Is is such an "it depends" situation. Truth be told that 1026 can be in conditions that pretty much fit it anywhere in that range. There's no great standard here and I think that's the problem. But not the only one.

Very cool. I do need to drop the coin on a few ASTM books for myself. I've been wanting them bad, just haven't ponied up yet.


This can be the case. But I don't think you'll see 150ksi or even close near the weld. You'd have to quench the bejeezus out of it. This issue, however, is about reason #1 why I believe 4130 is a pro's tool. If it's build correctly (this includes, design, fit, and fab) both with ms and 4130 I cannot accept that the 4130 structure would "crack near the welds" BEFORE the ms structure fails. I have no physical tests to back this up only my experience. HOWEVER one of the biggest keys with either structure is to be wary of overly stressed joints... If you have a joint that even may see a load heavy enough to near its yield or especially tensile strength then properly gusseting the area is very important to spread this load. This is important with any material though because you never want to concentrate stress at a welded joint.

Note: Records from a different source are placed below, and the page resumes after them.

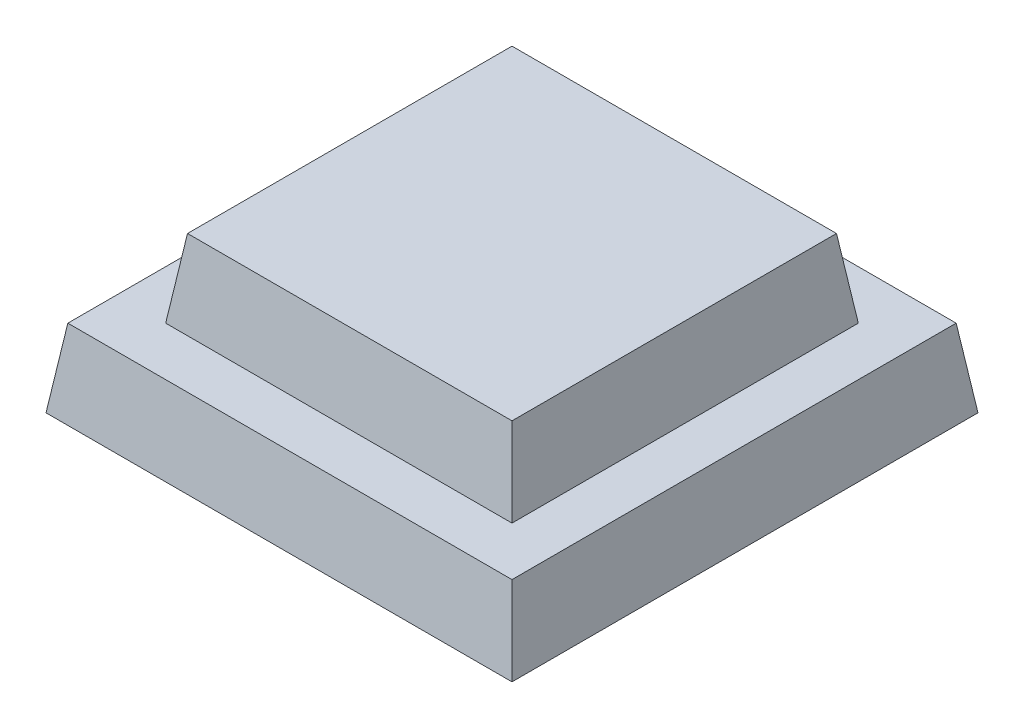
ISO-10303-21;
HEADER;
FILE_DESCRIPTION(('STEP AP214'),'2;1');
FILE_NAME('part.step','',(''),(''),'','','');
FILE_SCHEMA(('AUTOMOTIVE_DESIGN { 1 0 10303 214 1 1 1 1 }'));
ENDSEC;
DATA;
#1=APPLICATION_CONTEXT('core data for automotive mechanical design processes');
#2=APPLICATION_PROTOCOL_DEFINITION('international standard','automotive_design',2000,#1);
#3=PRODUCT_CONTEXT('',#1,'mechanical');
#4=PRODUCT('Part','Part','',(#3));
#5=PRODUCT_RELATED_PRODUCT_CATEGORY('part','',(#4));
#6=PRODUCT_DEFINITION_FORMATION('','',#4);
#7=PRODUCT_DEFINITION_CONTEXT('part definition',#1,'design');
#8=PRODUCT_DEFINITION('design','',#6,#7);
#9=PRODUCT_DEFINITION_SHAPE('','',#8);
#10=(LENGTH_UNIT() NAMED_UNIT(*) SI_UNIT(.MILLI.,.METRE.));
#11=(NAMED_UNIT(*) PLANE_ANGLE_UNIT() SI_UNIT($,.RADIAN.));
#12=(NAMED_UNIT(*) SI_UNIT($,.STERADIAN.) SOLID_ANGLE_UNIT());
#13=UNCERTAINTY_MEASURE_WITH_UNIT(LENGTH_MEASURE(1.E-05),#10,'distance_accuracy_value','');
#14=(GEOMETRIC_REPRESENTATION_CONTEXT(3) GLOBAL_UNCERTAINTY_ASSIGNED_CONTEXT((#13)) GLOBAL_UNIT_ASSIGNED_CONTEXT((#10,
#11,#12)) REPRESENTATION_CONTEXT('',''));
#15=CARTESIAN_POINT('',(0.,0.,0.));
#16=DIRECTION('',(0.,0.,1.));
#17=DIRECTION('',(1.,0.,0.));
#18=AXIS2_PLACEMENT_3D('',#15,#16,#17);
#19=CARTESIAN_POINT('',(0.,3.175,0.));
#20=DIRECTION('',(0.,1.,0.));
#21=DIRECTION('',(0.,0.,1.));
#22=AXIS2_PLACEMENT_3D('',#19,#20,#21);
#23=PLANE('',#22);
#24=DIRECTION('',(0.,0.,1.));
#25=VECTOR('',#24,1.);
#26=CARTESIAN_POINT('',(9.07878284981991,3.175,-9.525));
#27=LINE('',#26,#25);
#28=CARTESIAN_POINT('',(9.07878284981991,3.175,9.0787828498199));
#29=VERTEX_POINT('',#28);
#30=CARTESIAN_POINT('',(9.07878284981991,3.175,-9.0787828498199));
#31=VERTEX_POINT('',#30);
#32=EDGE_CURVE('E147',#29,#31,#27,.F.);
#33=ORIENTED_EDGE('',*,*,#32,.T.);
#34=DIRECTION('',(1.,0.,0.));
#35=VECTOR('',#34,1.);
#36=CARTESIAN_POINT('',(-9.525,3.175,-9.0787828498199));
#37=LINE('',#36,#35);
#38=CARTESIAN_POINT('',(-9.07878284981991,3.175,-9.0787828498199));
#39=VERTEX_POINT('',#38);
#40=EDGE_CURVE('E158',#31,#39,#37,.F.);
#41=ORIENTED_EDGE('',*,*,#40,.T.);
#42=DIRECTION('',(0.,0.,-1.));
#43=VECTOR('',#42,1.);
#44=CARTESIAN_POINT('',(-9.07878284981991,3.175,-9.525));
#45=LINE('',#44,#43);
#46=CARTESIAN_POINT('',(-9.07878284981991,3.175,9.0787828498199));
#47=VERTEX_POINT('',#46);
#48=EDGE_CURVE('E159',#39,#47,#45,.F.);
#49=ORIENTED_EDGE('',*,*,#48,.T.);
#50=DIRECTION('',(-1.,0.,0.));
#51=VECTOR('',#50,1.);
#52=CARTESIAN_POINT('',(-9.525,3.175,9.0787828498199));
#53=LINE('',#52,#51);
#54=EDGE_CURVE('E37',#47,#29,#53,.F.);
#55=ORIENTED_EDGE('',*,*,#54,.T.);
#56=EDGE_LOOP('',(#33,#41,#49,#55));
#57=FACE_BOUND('',#56,.T.);
#58=DIRECTION('',(1.,0.,0.));
#59=VECTOR('',#58,1.);
#60=CARTESIAN_POINT('',(-7.07878284981991,3.175,7.0787828498199));
#61=LINE('',#60,#59);
#62=CARTESIAN_POINT('',(-7.07878284981991,3.175,7.0787828498199));
#63=VERTEX_POINT('',#62);
#64=CARTESIAN_POINT('',(7.07878284981991,3.175,7.0787828498199));
#65=VERTEX_POINT('',#64);
#66=EDGE_CURVE('E105',#63,#65,#61,.T.);
#67=ORIENTED_EDGE('',*,*,#66,.F.);
#68=DIRECTION('',(0.,0.,1.));
#69=VECTOR('',#68,1.);
#70=CARTESIAN_POINT('',(-7.07878284981991,3.175,-7.0787828498199));
#71=LINE('',#70,#69);
#72=CARTESIAN_POINT('',(-7.07878284981991,3.175,-7.0787828498199));
#73=VERTEX_POINT('',#72);
#74=EDGE_CURVE('E116',#73,#63,#71,.T.);
#75=ORIENTED_EDGE('',*,*,#74,.F.);
#76=DIRECTION('',(-1.,0.,0.));
#77=VECTOR('',#76,1.);
#78=CARTESIAN_POINT('',(7.07878284981991,3.175,-7.0787828498199));
#79=LINE('',#78,#77);
#80=CARTESIAN_POINT('',(7.07878284981991,3.175,-7.0787828498199));
#81=VERTEX_POINT('',#80);
#82=EDGE_CURVE('E126',#81,#73,#79,.T.);
#83=ORIENTED_EDGE('',*,*,#82,.F.);
#84=DIRECTION('',(0.,0.,-1.));
#85=VECTOR('',#84,1.);
#86=CARTESIAN_POINT('',(7.07878284981991,3.175,7.0787828498199));
#87=LINE('',#86,#85);
#88=EDGE_CURVE('E124',#65,#81,#87,.T.);
#89=ORIENTED_EDGE('',*,*,#88,.F.);
#90=EDGE_LOOP('',(#67,#75,#83,#89));
#91=FACE_BOUND('',#90,.T.);
#92=ADVANCED_FACE('F33',(#57,#91),#23,.T.);
#93=CARTESIAN_POINT('',(9.525,0.,-9.525));
#94=DIRECTION('',(0.99026806874157,0.139173100960066,0.));
#95=DIRECTION('',(-0.139173100960066,0.99026806874157,0.));
#96=AXIS2_PLACEMENT_3D('',#93,#94,#95);
#97=PLANE('',#96);
#98=DIRECTION('',(0.,0.,-1.));
#99=VECTOR('',#98,1.);
#100=CARTESIAN_POINT('',(9.525,0.,-9.525));
#101=LINE('',#100,#99);
#102=CARTESIAN_POINT('',(9.525,0.,9.525));
#103=VERTEX_POINT('',#102);
#104=CARTESIAN_POINT('',(9.525,0.,-9.525));
#105=VERTEX_POINT('',#104);
#106=EDGE_CURVE('E111',#103,#105,#101,.T.);
#107=ORIENTED_EDGE('',*,*,#106,.T.);
#108=DIRECTION('',(0.137844537491629,-0.980814848463989,-0.137844537491629));
#109=VECTOR('',#108,1.);
#110=CARTESIAN_POINT('',(9.16302873036485,2.57555941233494,-9.16302873036484));
#111=LINE('',#110,#109);
#112=EDGE_CURVE('E11',#31,#105,#111,.T.);
#113=ORIENTED_EDGE('',*,*,#112,.F.);
#114=ORIENTED_EDGE('',*,*,#32,.F.);
#115=DIRECTION('',(0.137844537491629,-0.980814848463989,0.137844537491629));
#116=VECTOR('',#115,1.);
#117=CARTESIAN_POINT('',(9.16302873036484,2.57555941233494,9.16302873036484));
#118=LINE('',#117,#116);
#119=EDGE_CURVE('E149',#29,#103,#118,.T.);
#120=ORIENTED_EDGE('',*,*,#119,.T.);
#121=EDGE_LOOP('',(#107,#113,#114,#120));
#122=FACE_BOUND('',#121,.T.);
#123=ADVANCED_FACE('F173',(#122),#97,.T.);
#124=CARTESIAN_POINT('',(-9.525,0.,-9.525));
#125=DIRECTION('',(0.,0.139173100960066,-0.99026806874157));
#126=DIRECTION('',(0.,0.99026806874157,0.139173100960066));
#127=AXIS2_PLACEMENT_3D('',#124,#125,#126);
#128=PLANE('',#127);
#129=DIRECTION('',(-1.,0.,0.));
#130=VECTOR('',#129,1.);
#131=CARTESIAN_POINT('',(-9.525,0.,-9.525));
#132=LINE('',#131,#130);
#133=CARTESIAN_POINT('',(-9.525,0.,-9.525));
#134=VERTEX_POINT('',#133);
#135=EDGE_CURVE('E142',#105,#134,#132,.T.);
#136=ORIENTED_EDGE('',*,*,#135,.T.);
#137=DIRECTION('',(-0.137844537491629,-0.980814848463989,-0.137844537491629));
#138=VECTOR('',#137,1.);
#139=CARTESIAN_POINT('',(-9.525,0.,-9.525));
#140=LINE('',#139,#138);
#141=EDGE_CURVE('E42',#39,#134,#140,.T.);
#142=ORIENTED_EDGE('',*,*,#141,.F.);
#143=ORIENTED_EDGE('',*,*,#40,.F.);
#144=ORIENTED_EDGE('',*,*,#112,.T.);
#145=EDGE_LOOP('',(#136,#142,#143,#144));
#146=FACE_BOUND('',#145,.T.);
#147=ADVANCED_FACE('F35',(#146),#128,.T.);
#148=CARTESIAN_POINT('',(-9.525,0.,-9.525));
#149=DIRECTION('',(-0.99026806874157,0.139173100960066,0.));
#150=DIRECTION('',(-0.139173100960066,-0.99026806874157,0.));
#151=AXIS2_PLACEMENT_3D('',#148,#149,#150);
#152=PLANE('',#151);
#153=DIRECTION('',(0.,0.,1.));
#154=VECTOR('',#153,1.);
#155=CARTESIAN_POINT('',(-9.525,0.,-9.525));
#156=LINE('',#155,#154);
#157=CARTESIAN_POINT('',(-9.525,0.,9.525));
#158=VERTEX_POINT('',#157);
#159=EDGE_CURVE('E144',#134,#158,#156,.T.);
#160=ORIENTED_EDGE('',*,*,#159,.T.);
#161=DIRECTION('',(-0.137844537491629,-0.980814848463989,0.137844537491629));
#162=VECTOR('',#161,1.);
#163=CARTESIAN_POINT('',(-9.525,0.,9.525));
#164=LINE('',#163,#162);
#165=EDGE_CURVE('E152',#47,#158,#164,.T.);
#166=ORIENTED_EDGE('',*,*,#165,.F.);
#167=ORIENTED_EDGE('',*,*,#48,.F.);
#168=ORIENTED_EDGE('',*,*,#141,.T.);
#169=EDGE_LOOP('',(#160,#166,#167,#168));
#170=FACE_BOUND('',#169,.T.);
#171=ADVANCED_FACE('F164',(#170),#152,.T.);
#172=CARTESIAN_POINT('',(-9.525,0.,9.525));
#173=DIRECTION('',(0.,0.139173100960066,0.99026806874157));
#174=DIRECTION('',(0.,-0.99026806874157,0.139173100960066));
#175=AXIS2_PLACEMENT_3D('',#172,#173,#174);
#176=PLANE('',#175);
#177=DIRECTION('',(1.,0.,0.));
#178=VECTOR('',#177,1.);
#179=CARTESIAN_POINT('',(-9.525,0.,9.525));
#180=LINE('',#179,#178);
#181=EDGE_CURVE('E146',#158,#103,#180,.T.);
#182=ORIENTED_EDGE('',*,*,#181,.T.);
#183=ORIENTED_EDGE('',*,*,#119,.F.);
#184=ORIENTED_EDGE('',*,*,#54,.F.);
#185=ORIENTED_EDGE('',*,*,#165,.T.);
#186=EDGE_LOOP('',(#182,#183,#184,#185));
#187=FACE_BOUND('',#186,.T.);
#188=ADVANCED_FACE('F168',(#187),#176,.T.);
#189=CARTESIAN_POINT('',(0.,0.,0.));
#190=DIRECTION('',(0.,1.,0.));
#191=DIRECTION('',(0.,0.,1.));
#192=AXIS2_PLACEMENT_3D('',#189,#190,#191);
#193=PLANE('',#192);
#194=ORIENTED_EDGE('',*,*,#106,.F.);
#195=ORIENTED_EDGE('',*,*,#181,.F.);
#196=ORIENTED_EDGE('',*,*,#159,.F.);
#197=ORIENTED_EDGE('',*,*,#135,.F.);
#198=EDGE_LOOP('',(#194,#195,#196,#197));
#199=FACE_BOUND('',#198,.T.);
#200=ADVANCED_FACE('F176',(#199),#193,.F.);
#201=CARTESIAN_POINT('',(-7.07878284981991,3.175,-7.0787828498199));
#202=DIRECTION('',(-0.99026806874157,0.139173100960066,0.));
#203=DIRECTION('',(-0.139173100960066,-0.99026806874157,0.));
#204=AXIS2_PLACEMENT_3D('',#201,#202,#203);
#205=PLANE('',#204);
#206=ORIENTED_EDGE('',*,*,#74,.T.);
#207=DIRECTION('',(-0.137844537491629,-0.980814848463989,0.137844537491629));
#208=VECTOR('',#207,1.);
#209=CARTESIAN_POINT('',(-7.07878284981991,3.175,7.0787828498199));
#210=LINE('',#209,#208);
#211=CARTESIAN_POINT('',(-6.63256569963981,6.35,6.63256569963981));
#212=VERTEX_POINT('',#211);
#213=EDGE_CURVE('E100',#212,#63,#210,.T.);
#214=ORIENTED_EDGE('',*,*,#213,.F.);
#215=DIRECTION('',(0.,0.,-1.));
#216=VECTOR('',#215,1.);
#217=CARTESIAN_POINT('',(-6.63256569963981,6.35,-7.0787828498199));
#218=LINE('',#217,#216);
#219=CARTESIAN_POINT('',(-6.63256569963981,6.35,-6.63256569963981));
#220=VERTEX_POINT('',#219);
#221=EDGE_CURVE('E129',#220,#212,#218,.F.);
#222=ORIENTED_EDGE('',*,*,#221,.F.);
#223=DIRECTION('',(-0.137844537491629,-0.980814848463989,-0.137844537491629));
#224=VECTOR('',#223,1.);
#225=CARTESIAN_POINT('',(-7.07878284981991,3.175,-7.0787828498199));
#226=LINE('',#225,#224);
#227=EDGE_CURVE('E119',#220,#73,#226,.T.);
#228=ORIENTED_EDGE('',*,*,#227,.T.);
#229=EDGE_LOOP('',(#206,#214,#222,#228));
#230=FACE_BOUND('',#229,.T.);
#231=ADVANCED_FACE('F117',(#230),#205,.T.);
#232=CARTESIAN_POINT('',(-7.07878284981991,3.175,7.0787828498199));
#233=DIRECTION('',(0.,0.139173100960066,0.99026806874157));
#234=DIRECTION('',(0.,-0.99026806874157,0.139173100960066));
#235=AXIS2_PLACEMENT_3D('',#232,#233,#234);
#236=PLANE('',#235);
#237=ORIENTED_EDGE('',*,*,#66,.T.);
#238=DIRECTION('',(0.137844537491629,-0.980814848463989,0.137844537491629));
#239=VECTOR('',#238,1.);
#240=CARTESIAN_POINT('',(7.07878284981991,3.175,7.0787828498199));
#241=LINE('',#240,#239);
#242=CARTESIAN_POINT('',(6.63256569963981,6.35,6.63256569963981));
#243=VERTEX_POINT('',#242);
#244=EDGE_CURVE('E112',#243,#65,#241,.T.);
#245=ORIENTED_EDGE('',*,*,#244,.F.);
#246=DIRECTION('',(-1.,0.,0.));
#247=VECTOR('',#246,1.);
#248=CARTESIAN_POINT('',(-7.07878284981991,6.35,6.63256569963981));
#249=LINE('',#248,#247);
#250=EDGE_CURVE('E107',#212,#243,#249,.F.);
#251=ORIENTED_EDGE('',*,*,#250,.F.);
#252=ORIENTED_EDGE('',*,*,#213,.T.);
#253=EDGE_LOOP('',(#237,#245,#251,#252));
#254=FACE_BOUND('',#253,.T.);
#255=ADVANCED_FACE('F102',(#254),#236,.T.);
#256=CARTESIAN_POINT('',(7.07878284981991,3.175,7.0787828498199));
#257=DIRECTION('',(0.99026806874157,0.139173100960066,0.));
#258=DIRECTION('',(-0.139173100960066,0.99026806874157,0.));
#259=AXIS2_PLACEMENT_3D('',#256,#257,#258);
#260=PLANE('',#259);
#261=ORIENTED_EDGE('',*,*,#88,.T.);
#262=DIRECTION('',(0.137844537491629,-0.980814848463989,-0.137844537491629));
#263=VECTOR('',#262,1.);
#264=CARTESIAN_POINT('',(7.07878284981991,3.175,-7.0787828498199));
#265=LINE('',#264,#263);
#266=CARTESIAN_POINT('',(6.63256569963981,6.35,-6.63256569963981));
#267=VERTEX_POINT('',#266);
#268=EDGE_CURVE('E50',#267,#81,#265,.T.);
#269=ORIENTED_EDGE('',*,*,#268,.F.);
#270=DIRECTION('',(0.,0.,1.));
#271=VECTOR('',#270,1.);
#272=CARTESIAN_POINT('',(6.63256569963981,6.35,7.0787828498199));
#273=LINE('',#272,#271);
#274=EDGE_CURVE('E137',#243,#267,#273,.F.);
#275=ORIENTED_EDGE('',*,*,#274,.F.);
#276=ORIENTED_EDGE('',*,*,#244,.T.);
#277=EDGE_LOOP('',(#261,#269,#275,#276));
#278=FACE_BOUND('',#277,.T.);
#279=ADVANCED_FACE('F194',(#278),#260,.T.);
#280=CARTESIAN_POINT('',(7.07878284981991,3.175,-7.0787828498199));
#281=DIRECTION('',(0.,0.139173100960066,-0.99026806874157));
#282=DIRECTION('',(0.,0.99026806874157,0.139173100960066));
#283=AXIS2_PLACEMENT_3D('',#280,#281,#282);
#284=PLANE('',#283);
#285=ORIENTED_EDGE('',*,*,#82,.T.);
#286=ORIENTED_EDGE('',*,*,#227,.F.);
#287=DIRECTION('',(1.,0.,0.));
#288=VECTOR('',#287,1.);
#289=CARTESIAN_POINT('',(7.07878284981991,6.35,-6.63256569963981));
#290=LINE('',#289,#288);
#291=EDGE_CURVE('E132',#267,#220,#290,.F.);
#292=ORIENTED_EDGE('',*,*,#291,.F.);
#293=ORIENTED_EDGE('',*,*,#268,.T.);
#294=EDGE_LOOP('',(#285,#286,#292,#293));
#295=FACE_BOUND('',#294,.T.);
#296=ADVANCED_FACE('F197',(#295),#284,.T.);
#297=CARTESIAN_POINT('',(0.,6.35,0.));
#298=DIRECTION('',(0.,1.,0.));
#299=DIRECTION('',(0.,0.,1.));
#300=AXIS2_PLACEMENT_3D('',#297,#298,#299);
#301=PLANE('',#300);
#302=ORIENTED_EDGE('',*,*,#221,.T.);
#303=ORIENTED_EDGE('',*,*,#250,.T.);
#304=ORIENTED_EDGE('',*,*,#274,.T.);
#305=ORIENTED_EDGE('',*,*,#291,.T.);
#306=EDGE_LOOP('',(#302,#303,#304,#305));
#307=FACE_BOUND('',#306,.T.);
#308=ADVANCED_FACE('F200',(#307),#301,.T.);
#309=CLOSED_SHELL('',(#92,#123,#147,#171,#188,#200,#231,#255,#279,#296,#308));
#310=MANIFOLD_SOLID_BREP('B2',#309);
#311=ADVANCED_BREP_SHAPE_REPRESENTATION('',(#18,#310),#14);
#312=SHAPE_DEFINITION_REPRESENTATION(#9,#311);
ENDSEC;
END-ISO-10303-21;

I'm working on a simple spreadsheet in excel that will allow you to put in the tube size and strengths along with moments and loads to see bending stresses, max load before failure, etc. Could make it easy to compare different things quickly. However the yield and tensile strengths are still the big variable.


I think I have a decent reason to start the answer to this question. I don't think they think it's safer, I think in the grand scheme of things they must consider it equivalent under worst case scenarios.

I agree 1026 dom is going to be stronger than A519 4130N if the 4130's wall thickness is 40-50% smaller. However, I'm guessing in the grand scheme of their rules making, they make no distinction between types of mild steel. In other words they must compare 1008 dom to 4130. Herein lies probably very equavalent strength structures if the 4130 is 40% thinner wall.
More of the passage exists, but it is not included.